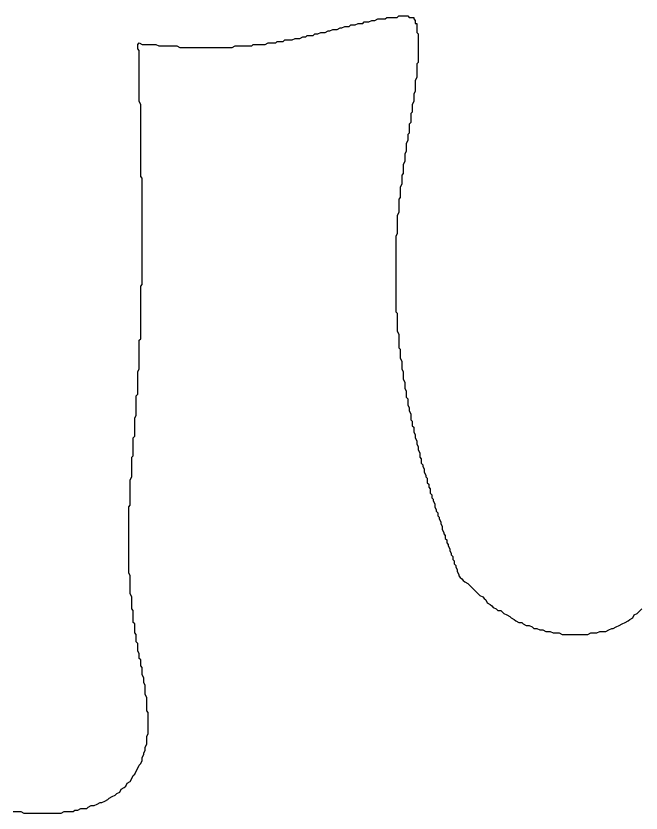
# Model space of a CAD drawing. Header units: millimetres. Extents: x 289 to 9778, y -894 to 6380.
# Drawn here: x 7127.38 to 7131.54, y 548.17 to 553.48 of the extents above; entities that cross this region are included whole.
import ezdxf

# ---------------------------------------------------------------- set-up
doc = ezdxf.new("R2010")
doc.units = ezdxf.units.MM

msp = doc.modelspace()

# ---------------------------------------------------------------- linework, layer by layer
msp.add_polyline3d([(7127.3597, 548.1775, 0), (7127.3797, 548.1775, 0), (7127.3997, 548.1775, 0), (7127.4097, 548.1775, 0), (7127.4297, 548.1675, 0), (7127.4497, 548.1675, 0), (7127.4697, 548.1675, 0), (7127.4897, 548.1675, 0), (7127.5097, 548.1675, 0), (7127.5297, 548.1675, 0), (7127.5497, 548.1675, 0), (7127.5697, 548.1675, 0), (7127.5897, 548.1675, 0), (7127.6097, 548.1675, 0), (7127.6197, 548.1675, 0), (7127.6397, 548.1675, 0), (7127.6597, 548.1675, 0), (7127.6797, 548.1675, 0), (7127.6997, 548.1775, 0), (7127.7197, 548.1775, 0), (7127.7397, 548.1775, 0), (7127.7597, 548.1775, 0), (7127.7697, 548.1875, 0), (7127.7897, 548.1875, 0), (7127.8097, 548.1975, 0), (7127.8297, 548.1975, 0), (7127.8497, 548.1975, 0), (7127.8597, 548.2075, 0), (7127.8797, 548.2175, 0), (7127.8997, 548.2175, 0), (7127.9197, 548.2275, 0), (7127.9397, 548.2375, 0), (7127.9497, 548.2375, 0), (7127.9697, 548.2475, 0), (7127.9897, 548.2575, 0), (7127.9997, 548.2675, 0), (7128.0197, 548.2775, 0), (7128.0397, 548.2875, 0), (7128.0497, 548.2975, 0), (7128.0697, 548.3075, 0), (7128.0797, 548.3275, 0), (7128.0997, 548.3375, 0), (7128.1097, 548.3475, 0), (7128.1197, 548.3675, 0), (7128.1397, 548.3775, 0), (7128.1497, 548.3975, 0), (7128.1597, 548.4175, 0), (7128.1697, 548.4275, 0), (7128.1797, 548.4475, 0), (7128.1897, 548.4675, 0), (7128.1997, 548.4875, 0), (7128.2097, 548.4975, 0), (7128.2197, 548.5175, 0), (7128.2197, 548.5375, 0), (7128.2297, 548.5575, 0), (7128.2297, 548.5675, 0), (7128.2397, 548.5875, 0), (7128.2397, 548.6075, 0), (7128.2497, 548.6275, 0), (7128.2497, 548.6475, 0), (7128.2497, 548.6575, 0), (7128.2497, 548.6775, 0), (7128.2597, 548.6975, 0), (7128.2597, 548.7175, 0), (7128.2597, 548.7275, 0), (7128.2597, 548.7475, 0), (7128.2597, 548.7675, 0), (7128.2597, 548.7875, 0), (7128.2597, 548.7975, 0), (7128.2597, 548.8175, 0), (7128.2597, 548.8375, 0), (7128.2497, 548.8475, 0), (7128.2497, 548.8675, 0), (7128.2497, 548.8875, 0), (7128.2497, 548.9075, 0), (7128.2497, 548.9175, 0), (7128.2497, 548.9375, 0), (7128.2397, 548.9575, 0), (7128.2397, 548.9675, 0), (7128.2397, 548.9875, 0), (7128.2397, 549.0075, 0), (7128.2397, 549.0175, 0), (7128.2297, 549.0375, 0), (7128.2297, 549.0575, 0), (7128.2297, 549.0675, 0), (7128.2197, 549.0875, 0), (7128.2197, 549.1075, 0), (7128.2197, 549.1175, 0), (7128.2197, 549.1375, 0), (7128.2097, 549.1475, 0), (7128.2097, 549.1675, 0), (7128.2097, 549.1875, 0), (7128.1997, 549.1975, 0), (7128.1997, 549.2175, 0), (7128.1997, 549.2275, 0), (7128.1897, 549.2475, 0), (7128.1897, 549.2575, 0), (7128.1897, 549.2775, 0), (7128.1897, 549.2975, 0), (7128.1797, 549.3075, 0), (7128.1797, 549.3275, 0), (7128.1797, 549.3375, 0), (7128.1797, 549.3575, 0), (7128.1697, 549.3675, 0), (7128.1697, 549.3775, 0), (7128.1697, 549.3975, 0), (7128.1697, 549.4075, 0), (7128.1697, 549.4275, 0), (7128.1597, 549.4375, 0), (7128.1597, 549.4575, 0), (7128.1597, 549.4675, 0), (7128.1597, 549.4875, 0), (7128.1597, 549.4975, 0), (7128.1597, 549.5175, 0), (7128.1497, 549.5275, 0), (7128.1497, 549.5375, 0), (7128.1497, 549.5575, 0), (7128.1497, 549.5675, 0), (7128.1497, 549.5875, 0), (7128.1497, 549.5975, 0), (7128.1497, 549.6075, 0), (7128.1397, 549.6275, 0), (7128.1397, 549.6375, 0), (7128.1397, 549.6575, 0), (7128.1397, 549.6675, 0), (7128.1397, 549.6775, 0), (7128.1397, 549.6975, 0), (7128.1397, 549.7075, 0), (7128.1397, 549.7275, 0), (7128.1397, 549.7375, 0), (7128.1397, 549.7475, 0), (7128.1297, 549.7675, 0), (7128.1297, 549.7775, 0), (7128.1297, 549.7875, 0), (7128.1297, 549.8075, 0), (7128.1297, 549.8175, 0), (7128.1297, 549.8375, 0), (7128.1297, 549.8475, 0), (7128.1297, 549.8575, 0), (7128.1297, 549.8775, 0), (7128.1297, 549.8875, 0), (7128.1297, 549.8975, 0), (7128.1297, 549.9175, 0), (7128.1297, 549.9275, 0), (7128.1297, 549.9375, 0), (7128.1297, 549.9575, 0), (7128.1297, 549.9675, 0), (7128.1297, 549.9775, 0), (7128.1297, 549.9975, 0), (7128.1297, 550.0075, 0), (7128.1297, 550.0175, 0), (7128.1297, 550.0375, 0), (7128.1297, 550.0475, 0), (7128.1297, 550.0575, 0), (7128.1297, 550.0775, 0), (7128.1297, 550.0875, 0), (7128.1297, 550.0975, 0), (7128.1297, 550.1175, 0), (7128.1297, 550.1275, 0), (7128.1297, 550.1375, 0), (7128.1297, 550.1575, 0), (7128.1297, 550.1675, 0), (7128.1297, 550.1775, 0), (7128.1297, 550.1975, 0), (7128.1297, 550.2075, 0), (7128.1397, 550.2175, 0), (7128.1397, 550.2375, 0), (7128.1397, 550.2475, 0), (7128.1397, 550.2575, 0), (7128.1397, 550.2775, 0), (7128.1397, 550.2875, 0), (7128.1397, 550.2975, 0), (7128.1397, 550.3075, 0), (7128.1397, 550.3275, 0), (7128.1397, 550.3375, 0), (7128.1397, 550.3475, 0), (7128.1397, 550.3675, 0), (7128.1397, 550.3775, 0), (7128.1397, 550.3875, 0), (7128.1497, 550.4075, 0), (7128.1497, 550.4175, 0), (7128.1497, 550.4275, 0), (7128.1497, 550.4475, 0), (7128.1497, 550.4575, 0), (7128.1497, 550.4675, 0), (7128.1497, 550.4875, 0), (7128.1497, 550.4975, 0), (7128.1497, 550.5075, 0), (7128.1497, 550.5175, 0), (7128.1497, 550.5375, 0), (7128.1597, 550.5475, 0), (7128.1597, 550.5575, 0), (7128.1597, 550.5775, 0), (7128.1597, 550.5875, 0), (7128.1597, 550.5975, 0), (7128.1597, 550.6175, 0), (7128.1597, 550.6275, 0), (7128.1597, 550.6375, 0), (7128.1597, 550.6575, 0), (7128.1597, 550.6675, 0), (7128.1697, 550.6775, 0), (7128.1697, 550.6975, 0), (7128.1697, 550.7075, 0), (7128.1697, 550.7175, 0), (7128.1697, 550.7375, 0), (7128.1697, 550.7475, 0), (7128.1697, 550.7575, 0), (7128.1697, 550.7775, 0), (7128.1697, 550.7875, 0), (7128.1697, 550.7975, 0), (7128.1797, 550.8175, 0), (7128.1797, 550.8275, 0), (7128.1797, 550.8375, 0), (7128.1797, 550.8575, 0), (7128.1797, 550.8675, 0), (7128.1797, 550.8775, 0), (7128.1797, 550.8975, 0), (7128.1797, 550.9075, 0), (7128.1797, 550.9175, 0), (7128.1797, 550.9375, 0), (7128.1797, 550.9475, 0), (7128.1897, 550.9575, 0), (7128.1897, 550.9775, 0), (7128.1897, 550.9875, 0), (7128.1897, 550.9975, 0), (7128.1897, 551.0175, 0), (7128.1897, 551.0275, 0), (7128.1897, 551.0475, 0), (7128.1897, 551.0575, 0), (7128.1897, 551.0675, 0), (7128.1897, 551.0875, 0), (7128.1897, 551.0975, 0), (7128.1897, 551.1075, 0), (7128.1997, 551.1275, 0), (7128.1997, 551.1375, 0), (7128.1997, 551.1475, 0), (7128.1997, 551.1675, 0), (7128.1997, 551.1775, 0), (7128.1997, 551.1975, 0), (7128.1997, 551.2075, 0), (7128.1997, 551.2175, 0), (7128.1997, 551.2375, 0), (7128.1997, 551.2475, 0), (7128.1997, 551.2575, 0), (7128.1997, 551.2775, 0), (7128.1997, 551.2875, 0), (7128.1997, 551.3075, 0), (7128.1997, 551.3175, 0), (7128.2097, 551.3275, 0), (7128.2097, 551.3475, 0), (7128.2097, 551.3575, 0), (7128.2097, 551.3675, 0), (7128.2097, 551.3875, 0), (7128.2097, 551.3975, 0), (7128.2097, 551.4175, 0), (7128.2097, 551.4275, 0), (7128.2097, 551.4375, 0), (7128.2097, 551.4575, 0), (7128.2097, 551.4675, 0), (7128.2097, 551.4875, 0), (7128.2097, 551.4975, 0), (7128.2097, 551.5075, 0), (7128.2097, 551.5275, 0), (7128.2097, 551.5375, 0), (7128.2097, 551.5475, 0), (7128.2097, 551.5675, 0), (7128.2097, 551.5775, 0), (7128.2097, 551.5975, 0), (7128.2097, 551.6075, 0), (7128.2097, 551.6175, 0), (7128.2097, 551.6375, 0), (7128.2097, 551.6475, 0), (7128.2097, 551.6675, 0), (7128.2097, 551.6775, 0), (7128.2197, 551.6875, 0), (7128.2197, 551.7075, 0), (7128.2197, 551.7175, 0), (7128.2197, 551.7375, 0), (7128.2197, 551.7475, 0), (7128.2197, 551.7575, 0), (7128.2197, 551.7775, 0), (7128.2197, 551.7875, 0), (7128.2197, 551.8075, 0), (7128.2197, 551.8175, 0), (7128.2197, 551.8275, 0), (7128.2197, 551.8475, 0), (7128.2197, 551.8575, 0), (7128.2197, 551.8775, 0), (7128.2197, 551.8875, 0), (7128.2197, 551.8975, 0), (7128.2197, 551.9175, 0), (7128.2197, 551.9275, 0), (7128.2197, 551.9475, 0), (7128.2197, 551.9575, 0), (7128.2197, 551.9675, 0), (7128.2197, 551.9875, 0), (7128.2197, 551.9975, 0), (7128.2197, 552.0175, 0), (7128.2197, 552.0275, 0), (7128.2197, 552.0375, 0), (7128.2197, 552.0575, 0), (7128.2197, 552.0675, 0), (7128.2197, 552.0875, 0), (7128.2197, 552.0975, 0), (7128.2197, 552.1075, 0), (7128.2197, 552.1275, 0), (7128.2197, 552.1375, 0), (7128.2197, 552.1575, 0), (7128.2197, 552.1675, 0), (7128.2197, 552.1775, 0), (7128.2197, 552.1975, 0), (7128.2197, 552.2075, 0), (7128.2197, 552.2275, 0), (7128.2197, 552.2375, 0), (7128.2197, 552.2475, 0), (7128.2197, 552.2675, 0), (7128.2197, 552.2775, 0), (7128.2197, 552.2975, 0), (7128.2197, 552.3075, 0), (7128.2197, 552.3275, 0), (7128.2197, 552.3375, 0), (7128.2197, 552.3475, 0), (7128.2197, 552.3675, 0), (7128.2197, 552.3775, 0), (7128.2197, 552.3975, 0), (7128.2097, 552.4075, 0), (7128.2097, 552.4175, 0), (7128.2097, 552.4375, 0), (7128.2097, 552.4475, 0), (7128.2097, 552.4675, 0), (7128.2097, 552.4775, 0), (7128.2097, 552.4975, 0), (7128.2097, 552.5075, 0), (7128.2097, 552.5175, 0), (7128.2097, 552.5375, 0), (7128.2097, 552.5475, 0), (7128.2097, 552.5675, 0), (7128.2097, 552.5775, 0), (7128.2097, 552.5875, 0), (7128.2097, 552.6075, 0), (7128.2097, 552.6175, 0), (7128.2097, 552.6375, 0), (7128.2097, 552.6475, 0), (7128.2097, 552.6675, 0), (7128.2097, 552.6775, 0), (7128.2097, 552.6875, 0), (7128.2097, 552.7075, 0), (7128.2097, 552.7175, 0), (7128.2097, 552.7375, 0), (7128.2097, 552.7475, 0), (7128.2097, 552.7675, 0), (7128.2097, 552.7775, 0), (7128.2097, 552.7875, 0), (7128.2097, 552.8075, 0), (7128.2097, 552.8175, 0), (7128.2097, 552.8375, 0), (7128.2097, 552.8475, 0), (7128.2097, 552.8575, 0), (7128.2097, 552.8775, 0), (7128.2097, 552.8875, 0), (7128.1997, 552.9075, 0), (7128.1997, 552.9175, 0), (7128.1997, 552.9375, 0), (7128.1997, 552.9475, 0), (7128.1997, 552.9575, 0), (7128.1997, 552.9775, 0), (7128.1997, 552.9875, 0), (7128.1997, 553.0075, 0), (7128.1997, 553.0175, 0), (7128.1997, 553.0375, 0), (7128.1997, 553.0475, 0), (7128.1997, 553.0575, 0), (7128.1997, 553.0775, 0), (7128.1997, 553.0875, 0), (7128.1997, 553.1075, 0), (7128.1997, 553.1175, 0), (7128.1997, 553.1375, 0), (7128.1997, 553.1475, 0), (7128.1997, 553.1575, 0), (7128.1997, 553.1775, 0), (7128.1997, 553.1875, 0), (7128.1997, 553.2075, 0), (7128.1997, 553.2175, 0), (7128.1997, 553.2375, 0), (7128.1997, 553.2475, 0), (7128.1897, 553.2575, 0), (7128.1897, 553.2775, 0), (7128.1897, 553.2875, 0), (7128.1997, 553.2975, 0), (7128.2197, 553.2875, 0), (7128.2297, 553.2875, 0), (7128.2397, 553.2875, 0), (7128.2597, 553.2875, 0), (7128.2697, 553.2875, 0), (7128.2797, 553.2875, 0), (7128.2997, 553.2875, 0), (7128.3097, 553.2875, 0), (7128.3297, 553.2775, 0), (7128.3397, 553.2775, 0), (7128.3497, 553.2775, 0), (7128.3697, 553.2775, 0), (7128.3797, 553.2775, 0), (7128.3997, 553.2775, 0), (7128.4097, 553.2775, 0), (7128.4197, 553.2775, 0), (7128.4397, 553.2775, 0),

------------------------------------------------------------

The lines needed run from the first line of the records through the line containing "doc.units = ezdxf.units.MM", both included. Restate them word for word, without pictures.

# Model space of a CAD drawing. Header units: millimetres. Extents: x 289 to 9778, y -894 to 6380.
# Drawn here: x 7127.38 to 7131.54, y 548.17 to 553.48 of the extents above; entities that cross this region are included whole.
import ezdxf

# ---------------------------------------------------------------- set-up
doc = ezdxf.new("R2010")
doc.units = ezdxf.units.MM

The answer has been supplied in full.